- Work item -
Every line from the one holding "- net SYNC: track 152.0 -> 150.1 mm" through the final line of the entries is to be reproduced exactly, and no other line.

- Information provided -
== Segment start ==
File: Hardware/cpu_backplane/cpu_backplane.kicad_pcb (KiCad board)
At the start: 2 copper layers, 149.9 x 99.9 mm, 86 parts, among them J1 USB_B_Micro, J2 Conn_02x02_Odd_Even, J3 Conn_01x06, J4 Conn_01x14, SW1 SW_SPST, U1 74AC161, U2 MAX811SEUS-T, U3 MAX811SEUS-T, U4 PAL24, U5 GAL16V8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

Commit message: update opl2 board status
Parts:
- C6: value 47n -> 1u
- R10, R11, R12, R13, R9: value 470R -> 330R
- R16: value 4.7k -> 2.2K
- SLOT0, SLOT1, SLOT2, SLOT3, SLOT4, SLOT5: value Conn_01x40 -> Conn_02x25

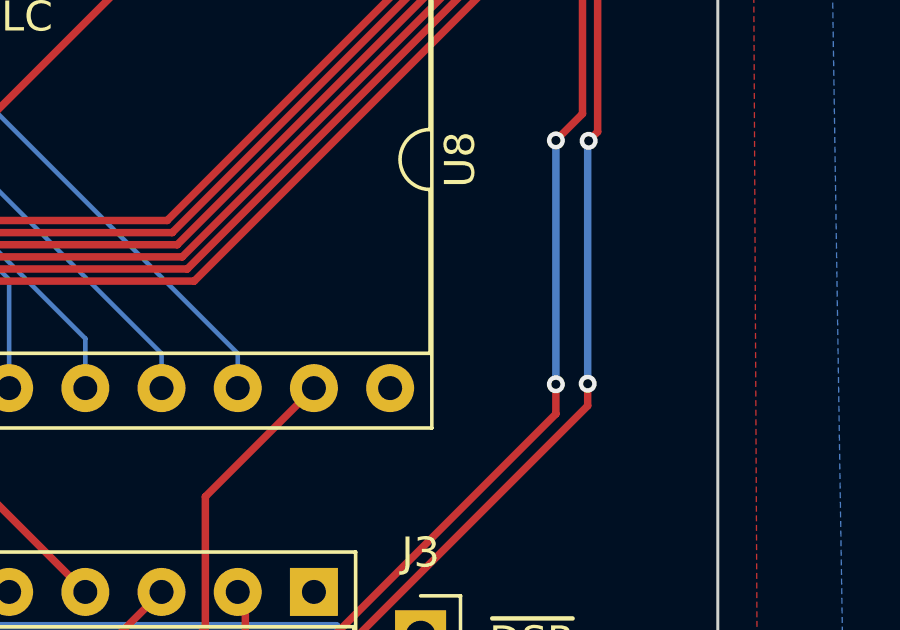
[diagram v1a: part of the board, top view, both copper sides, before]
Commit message: add one capacitor for ROM
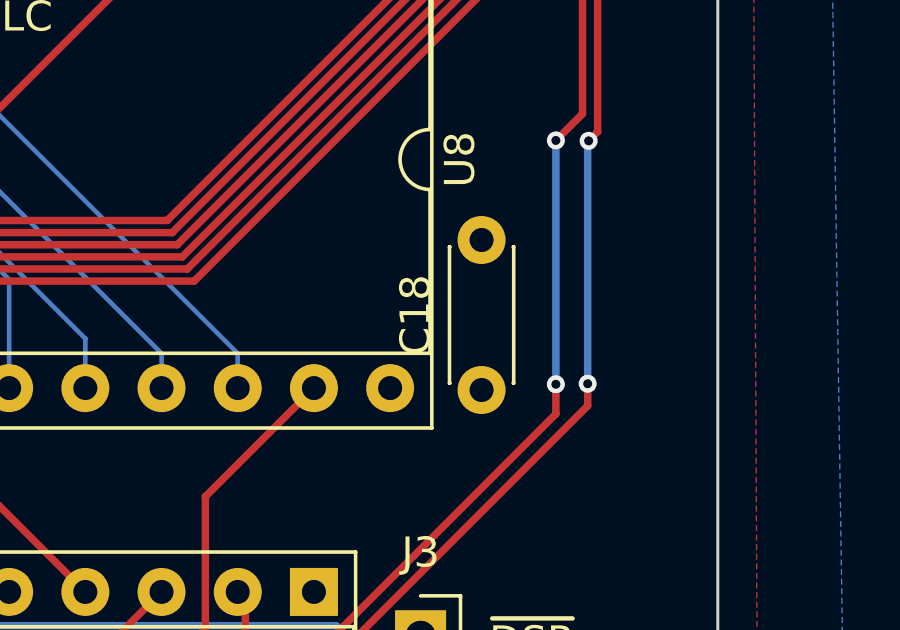
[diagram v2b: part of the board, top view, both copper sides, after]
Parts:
- added C18: 10n, Capacitor_THT:C_Disc_D4.3mm_W1.9mm_P5.00mm, F.Cu at (142.0, 75.2)

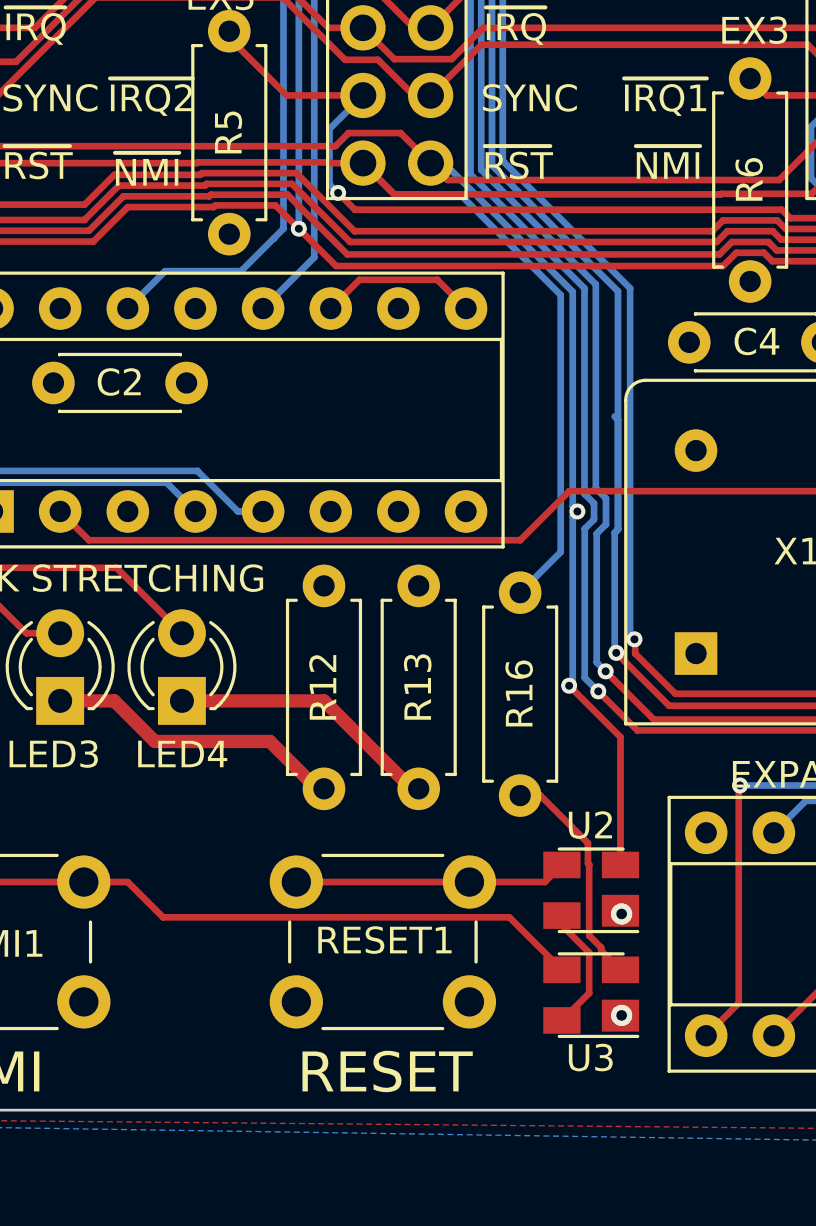
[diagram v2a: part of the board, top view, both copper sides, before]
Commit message: update reset and NMI circuits to through hole DS1813
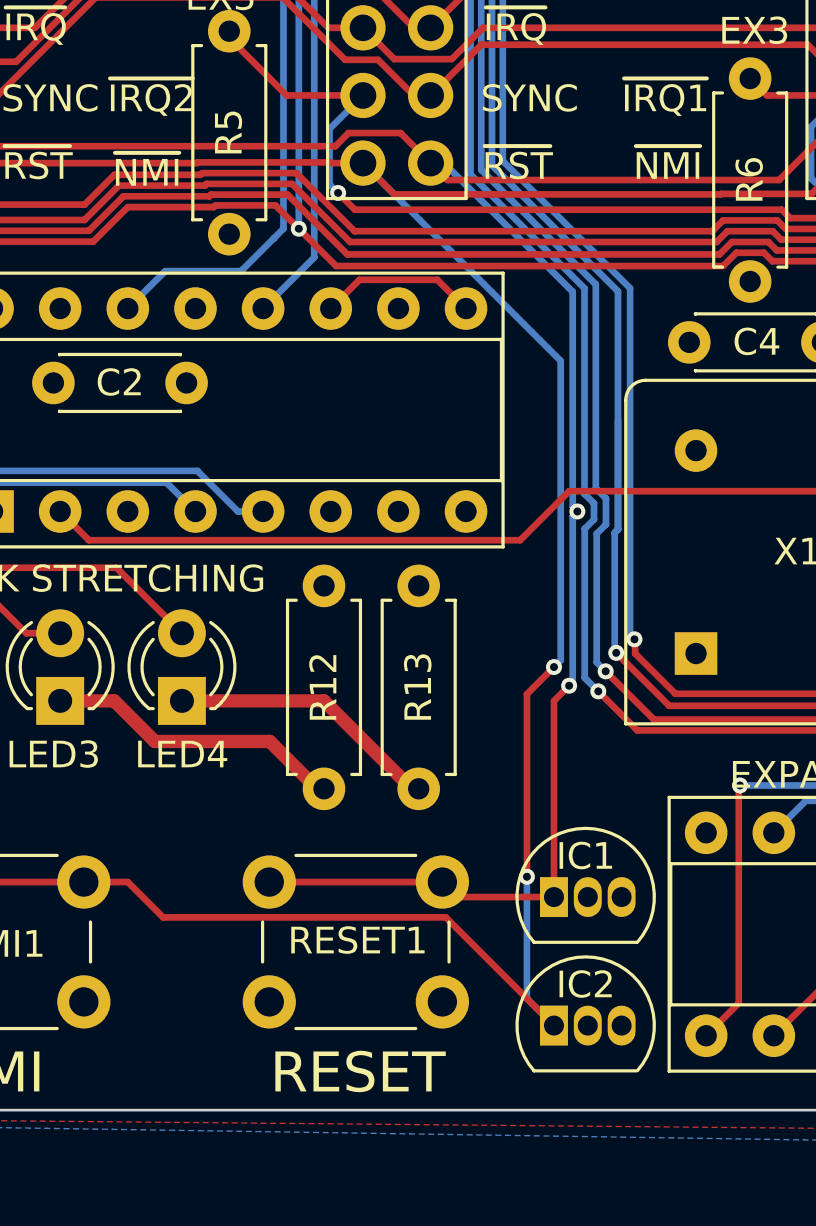
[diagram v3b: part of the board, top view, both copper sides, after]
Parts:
- removed R16: 2.2K, Resistor_THT:R_Axial_DIN0207_L6.3mm_D2.5mm_P7.62mm_Horizontal
- removed U2, U3: MAX811SEUS-T, Package_TO_SOT_SMD:SOT-143
- added IC1: DS1813-10+, Package_TO_SOT_THT:TO-92L_Inline, F.Cu at (64.0, 91.9)
- added IC2: DS1813-10+, Package_TO_SOT_THT:TO-92L_Inline, F.Cu at (64.0, 96.8)
- moved RESET1 1.02 mm to (59.8, 95.9)
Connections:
- NMI1 pad 2: Net-(NMI1-Pad2) -> ~NMI~
- RESET1 pad 2: Net-(RESET1-Pad2) -> ~RESET~
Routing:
- net ~NMI~: track 174.3 -> 215.8 mm, vias 3 -> 5
- net Net-(NMI1-Pad2): track 25.8 -> 0.00 mm
- net ~RESET~: track 258.7 -> 270.0 mm
- net Net-(RESET1-Pad2): track 10.2 -> 0.00 mm
- net Net-(R16-Pad2): track 9.10 -> 0.00 mm
- net +5V: track 144.1 -> 139.3 mm
- net GND: vias 4 -> 2

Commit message: DS1813
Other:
- board text added: "REV. 1.1"
- board text removed: "REV. 1.0"
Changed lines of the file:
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@@
     (effects (font (size 1 1) (thickness 0.15)) (justify right))
   )
-  (gr_text "REV. 1.0" (at 26.67 79.502) (layer F.SilkS)
+  (gr_text "REV. 1.1" (at 26.67 79.502) (layer F.SilkS)
     (effects (font (size 1.5 1.5) (thickness 0.2) italic) (justify right))
   )

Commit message: try to add kibot
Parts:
- added Q1: 2N3905, Package_TO_SOT_THT:TO-92_Inline, F.Cu at (14.9, 91.8)
- added R16: 4.7k, Resistor_THT:R_Axial_DIN0207_L6.3mm_D2.5mm_P7.62mm_Horizontal, F.Cu at (62.2, 80.3)
- added R7: 10k, Resistor_THT:R_Axial_DIN0207_L6.3mm_D2.5mm_P7.62mm_Horizontal, F.Cu at (11.4, 95.9)
- C6: value 1u -> 47n
- IC1: value DS1813-10+ -> DS1813
- IC2: value DS1813-10+ -> DS1813; footprint Package_TO_SOT_THT:TO-92L_Inline -> Package_TO_SOT_THT:TO-92_Inline
- J1: value USB_B_Micro -> Barrel_Jack; footprint Connector_USB:USB_Micro-B_Molex-105017-0001 -> Connector_BarrelJack:BarrelJack_Horizontal
- R10, R11, R12, R13, R9: value 330R -> 470R
- R27: footprint Resistor_THT:R_Axial_DIN0207_L6.3mm_D2.5mm_P7.62mm_Horizontal -> Resistor_THT:R_Axial_DIN0204_L3.6mm_D1.6mm_P5.08mm_Horizontal
- SLOT0, SLOT1, SLOT2, SLOT3, SLOT4, SLOT5: value Conn_02x25 -> Conn_01x40
- moved REF** 151.9 mm to (145.5, 17.3), turned to 90 degrees
- moved J1 7.60 mm to (10.2, 85.7), turned to 0 degrees
- moved C13 2.26 mm to (17.5, 83.8)
- moved IC2 0.20 mm to (63.9, 96.6)
- moved IC1 0.08 mm to (64.0, 91.9)
- renumbered G*** to G1, G*** to G2
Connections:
- net /~CTS~ renamed /~{CTS}
- net /~DSR~ renamed /~{DSR}
- net /~RTS~ renamed /~{RTS}
- net R~W~ renamed R~{W}
- net ~INH~ renamed ~{INH}
- net ~IRQ0~ renamed ~{IRQ0}
- net ~IRQ1~ renamed ~{IRQ1}
- net ~IRQ2~ renamed ~{IRQ2}
- net ~IRQ3~ renamed ~{IRQ3}
- net ~IRQ4~ renamed ~{IRQ4}
- net ~IRQ5~ renamed ~{IRQ5}
- net ~IRQ~ renamed ~{IRQ}
- net ~RAMW~ renamed ~{RAMW}
- net ~RAM_CS~ renamed ~{RAM_CS}
- net ~RESET~ renamed ~{RESET}
- net ~ROM_CS~ renamed ~{ROM_CS}
- net ~SER_IRQ~ renamed ~{SER_IRQ}
- net ~SER~ renamed ~{SER}
- net ~SIRQ~ renamed ~{SIRQ}
- net ~SLOT0~ renamed ~{SLOT0}
- net ~SLOT1~ renamed ~{SLOT1}
- net ~SLOT2~ renamed ~{SLOT2}
- net ~SLOT3~ renamed ~{SLOT3}
- net ~SLOT4~ renamed ~{SLOT4}
- net ~SLOT5~ renamed ~{SLOT5}
- net ~SLOW~ renamed ~{SLOW}
- net ~SSEL~ renamed ~{SSEL}
- IC2 pad 1: ~NMI~ -> Net-(IC2-Pad1)
- J1 pad 2: Net-(J1-Pad2) -> GND
- J1 pad 3: Net-(J1-Pad3) -> (no net)
- NMI1 pad 2: ~NMI~ -> Net-(IC2-Pad1)
- SLOT0 pad 50: ~NMI~ -> ~{NMI}
- SLOT1 pad 50: ~NMI~ -> ~{NMI}
- SLOT2 pad 50: ~NMI~ -> ~{NMI}
- SLOT3 pad 50: ~NMI~ -> ~{NMI}
- SLOT4 pad 50: ~NMI~ -> ~{NMI}
- SLOT5 pad 50: ~NMI~ -> ~{NMI}
- SW1 pad 1: Net-(J1-Pad1) -> Net-(SW1-Pad1)
- U1 pad 13: Net-(U1-Pad13) -> unconnected-(U1-Pad13)
- U1 pad 15: Net-(U1-Pad15) -> unconnected-(U1-Pad15)
- U4 pad 16: Net-(U4-Pad16) -> unconnected-(U4-Pad16)
- U5 pad 15: Net-(U5-Pad15) -> unconnected-(U5-Pad15)
- U6 pad 1: Net-(U6-Pad1) -> unconnected-(U6-Pad1)
- U6 pad 3: Net-(U6-Pad3) -> unconnected-(U6-Pad3)
- U6 pad 35: Net-(U6-Pad35) -> unconnected-(U6-Pad35)
- U6 pad 39: Net-(U6-Pad39) -> unconnected-(U6-Pad39)
- U6 pad 5: Net-(U6-Pad5) -> unconnected-(U6-Pad5)
- U6 pad 6: ~NMI~ -> ~{NMI}
- U9 pad 11: Net-(U9-Pad11) -> unconnected-(U9-Pad11)
- U9 pad 5: Net-(U9-Pad5) -> unconnected-(U9-Pad5)
- U9 pad 7: Net-(U9-Pad7) -> unconnected-(U9-Pad7)
- X1 pad 1: Net-(X1-Pad1) -> unconnected-(X1-Pad1)
- X3 pad 1: Net-(X3-Pad1) -> unconnected-(X3-Pad1)
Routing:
- net ~NMI~: track 215.8 -> 0.00 mm, vias 5 -> 0
- net ~{NMI}: track 0.00 -> 172.8 mm, vias 0 -> 3
- net Net-(IC2-Pad1): track 0.00 -> 37.6 mm, vias 0 -> 1
- net Net-(J1-Pad1): track 22.6 -> 8.07 mm
- net +5V: track 139.3 -> 148.0 mm
- net GND: track 31.9 -> 24.3 mm
- net Net-(Q1-Pad2): track 0.00 -> 7.16 mm
- net Net-(SW1-Pad1): track 0.00 -> 6.80 mm
- net ~{SSEL}: track 223.2 -> 227.9 mm
- net Net-(R27-Pad2): track 3.24 -> 5.78 mm
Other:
- net class Default removed
- board text added: "REV. 1.2"
- board text added: "R~{W}"
- board text added: "~{DSR}"
- board text added: "~{INH}"
- board text added: "~{IRQ0}"
- board text added: "~{IRQ1}"
- board text added: "~{IRQ2}"
- board text added: "~{IRQ3}"
- board text added: "~{IRQ4}"
- board text added: "~{IRQ}"
- board text added: "~{NMI}"
- board text added: "~{RST}"
- board text added: "~{RTS}"
- board text added: "~{SEL0}"
- board text added: "~{SEL1}"
- board text added: "~{SEL2}"
- board text added: "~{SEL3}"
- board text added: "~{SEL4}"
- board text added: "~{SLOW}"
- board text added: "~{SSEL}"
- board text removed: "REV. 1.1"
- board text removed: "R~W~"
- board text removed: "~DSR~"
- board text removed: "~INH~"
- board text removed: "~IRQ0~"
- board text removed: "~IRQ1~"
- board text removed: "~IRQ2~"
- board text removed: "~IRQ3~"
- board text removed: "~IRQ4~"
- board text removed: "~IRQ~"
- board text removed: "~NMI~"
- board text removed: "~RST~"
- board text removed: "~RTS~"
- board text removed: "~SEL0~"
- board text removed: "~SEL1~"
- board text removed: "~SEL2~"
- board text removed: "~SEL3~"
- board text removed: "~SEL4~"
- board text removed: "~SLOW~"
- board text removed: "~SSEL~"

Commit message: update to kicad 6
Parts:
- removed C18: 10n, Capacitor_THT:C_Disc_D4.3mm_W1.9mm_P5.00mm
- removed G1, G2: LOGO, Logo:logo-sm
- removed Q1: 2N3905, Package_TO_SOT_THT:TO-92_Inline
- removed REF**: OSHW-Logo2_7.3x6mm_SilkScreen, Symbol:OSHW-Logo2_7.3x6mm_SilkScreen
- removed REF**: KiCad-Logo2_5mm_SilkScreen, Symbol:KiCad-Logo2_5mm_SilkScreen
- added D9: 1N5822, Diode_THT:D_DO-201AD_P15.24mm_Horizontal, F.Cu at (15.1, 91.6)
- added U2: L7905, Package_TO_SOT_THT:TO-220-3_Vertical, F.Cu at (15.6, 96.1)
- SW1: value SW_SPST -> SW
- moved R7 134.0 mm to (142.4, 67.6), turned to -90 degrees
- moved C13 11.0 mm to (22.1, 93.8)
- moved R9 7.18 mm to (22.5, 87.5), turned to 0 degrees
- moved SW1 6.38 mm to (30.1, 91.2), turned to -90 degrees
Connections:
- R7 pad 1: Net-(Q1-Pad2) -> ~{SER_IRQ}
- R7 pad 2: GND -> +5V
- SW1 pad 2: +5V -> Net-(SW1-Pad2)
- U5 pad 14: ~{SIRQ} -> unconnected-(U5-Pad14)
- U9 pad 26: ~{SIRQ} -> ~{SER_IRQ}
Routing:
- net ~{SIRQ}: track 66.7 -> 0.00 mm, vias 3 -> 0
- net ~{SER_IRQ}: track 0.00 -> 60.4 mm, vias 0 -> 2
- net +5V: track 148.0 -> 127.2 mm
- net Net-(SW1-Pad2): track 0.00 -> 20.6 mm
- net Net-(D9-Pad1): track 6.80 -> 16.3 mm
- net ~{SLOW}: track 201.5 -> 193.8 mm, vias 3 -> 2
- net Net-(Q1-Pad2): track 7.16 -> 0.00 mm
- net ~{SLOT3}: track 102.7 -> 97.6 mm
- net A12: track 241.3 -> 237.3 mm
- net D0: track 259.3 -> 255.6 mm
- net Net-(D9-Pad2): track 8.07 -> 11.4 mm
- net A13: track 256.5 -> 253.5 mm
- net ~{RESET}: track 270.0 -> 267.0 mm, vias 6 -> 5
- net A1: track 250.1 -> 247.7 mm
- net SYNC: track 152.0 -> 150.1 mm
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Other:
- board text added: "${VERSION}"
- board text removed: "REV. 1.2"

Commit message: update for kicad 6
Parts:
- added G***: LOGO, Logo:logo, F.Cu at (14.0, 71.6)
- added REF**: KiCad-Logo2_5mm_SilkScreen, Symbol:KiCad-Logo2_5mm_SilkScreen, F.Cu at (145.2, 15.2)
- added REF**: OSHW-Logo2_7.3x6mm_SilkScreen, Symbol:OSHW-Logo2_7.3x6mm_SilkScreen, F.Cu at (145.3, 26.2)
== Segment end ==
- Worked solution -
- net SYNC: track 152.0 -> 150.1 mm
Other:
- board text added: "${VERSION}"
- board text removed: "REV. 1.2"

Commit message: update for kicad 6
Parts:
- added G***: LOGO, Logo:logo, F.Cu at (14.0, 71.6)
- added REF**: KiCad-Logo2_5mm_SilkScreen, Symbol:KiCad-Logo2_5mm_SilkScreen, F.Cu at (145.2, 15.2)
- added REF**: OSHW-Logo2_7.3x6mm_SilkScreen, Symbol:OSHW-Logo2_7.3x6mm_SilkScreen, F.Cu at (145.3, 26.2)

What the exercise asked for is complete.